THE TASK:
Exactly as written, copy the lines that run from the start of the data below to the line containing "In plain terms, the", both ends included.

Data extracted from a collection:
· · · ·

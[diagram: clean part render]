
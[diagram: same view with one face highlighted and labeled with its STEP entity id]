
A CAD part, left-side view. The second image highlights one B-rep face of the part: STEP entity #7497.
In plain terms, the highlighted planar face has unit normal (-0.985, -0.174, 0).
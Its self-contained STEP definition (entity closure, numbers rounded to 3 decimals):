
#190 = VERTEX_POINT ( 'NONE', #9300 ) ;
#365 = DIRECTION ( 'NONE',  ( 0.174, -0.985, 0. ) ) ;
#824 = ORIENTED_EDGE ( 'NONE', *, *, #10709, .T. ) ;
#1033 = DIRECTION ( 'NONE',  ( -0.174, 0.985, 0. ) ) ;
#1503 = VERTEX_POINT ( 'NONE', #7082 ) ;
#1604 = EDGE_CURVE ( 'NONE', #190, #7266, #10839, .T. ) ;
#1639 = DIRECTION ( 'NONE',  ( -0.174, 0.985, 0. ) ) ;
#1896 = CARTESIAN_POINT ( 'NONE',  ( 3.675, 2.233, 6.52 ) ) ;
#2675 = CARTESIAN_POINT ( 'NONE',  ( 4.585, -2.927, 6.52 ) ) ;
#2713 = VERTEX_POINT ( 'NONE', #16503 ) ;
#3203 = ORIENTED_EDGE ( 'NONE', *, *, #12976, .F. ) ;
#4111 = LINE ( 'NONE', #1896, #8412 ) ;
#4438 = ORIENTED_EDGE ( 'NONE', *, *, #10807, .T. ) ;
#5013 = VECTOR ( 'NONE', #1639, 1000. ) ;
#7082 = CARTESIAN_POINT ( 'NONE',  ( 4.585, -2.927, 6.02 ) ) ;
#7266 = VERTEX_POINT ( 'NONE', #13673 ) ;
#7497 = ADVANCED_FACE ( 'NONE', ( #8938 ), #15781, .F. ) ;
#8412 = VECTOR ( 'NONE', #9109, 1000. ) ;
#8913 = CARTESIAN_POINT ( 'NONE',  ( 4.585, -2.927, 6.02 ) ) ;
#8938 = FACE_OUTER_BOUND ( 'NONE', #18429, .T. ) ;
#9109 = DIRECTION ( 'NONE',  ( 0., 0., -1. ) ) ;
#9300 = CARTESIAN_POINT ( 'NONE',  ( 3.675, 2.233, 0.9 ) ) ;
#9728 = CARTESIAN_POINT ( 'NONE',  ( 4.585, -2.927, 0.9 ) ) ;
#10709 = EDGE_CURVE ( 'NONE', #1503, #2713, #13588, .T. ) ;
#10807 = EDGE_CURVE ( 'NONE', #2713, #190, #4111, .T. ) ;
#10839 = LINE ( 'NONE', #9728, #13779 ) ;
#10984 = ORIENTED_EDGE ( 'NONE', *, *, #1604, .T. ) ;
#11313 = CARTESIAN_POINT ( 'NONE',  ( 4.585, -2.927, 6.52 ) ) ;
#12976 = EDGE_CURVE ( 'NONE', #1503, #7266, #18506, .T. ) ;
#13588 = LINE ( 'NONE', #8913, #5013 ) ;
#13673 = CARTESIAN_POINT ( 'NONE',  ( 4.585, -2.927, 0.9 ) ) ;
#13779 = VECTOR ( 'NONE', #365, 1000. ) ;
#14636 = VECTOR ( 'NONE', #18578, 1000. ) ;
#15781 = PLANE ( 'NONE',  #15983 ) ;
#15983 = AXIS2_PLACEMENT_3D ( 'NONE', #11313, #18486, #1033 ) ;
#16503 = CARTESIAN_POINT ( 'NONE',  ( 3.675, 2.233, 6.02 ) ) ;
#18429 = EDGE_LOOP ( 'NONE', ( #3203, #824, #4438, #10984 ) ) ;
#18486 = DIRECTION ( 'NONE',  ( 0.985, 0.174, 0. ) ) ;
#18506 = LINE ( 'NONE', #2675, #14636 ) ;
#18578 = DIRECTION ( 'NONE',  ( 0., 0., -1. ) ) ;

· · · ·

SOLVED EXERCISE:
[diagram: clean part render]
[diagram: same view with one face highlighted and labeled with its STEP entity id]
A CAD part, left-side view. The second image highlights one B-rep face of the part: STEP entity #7497.
In plain terms, the highlighted planar face has unit normal (-0.985, -0.174, 0).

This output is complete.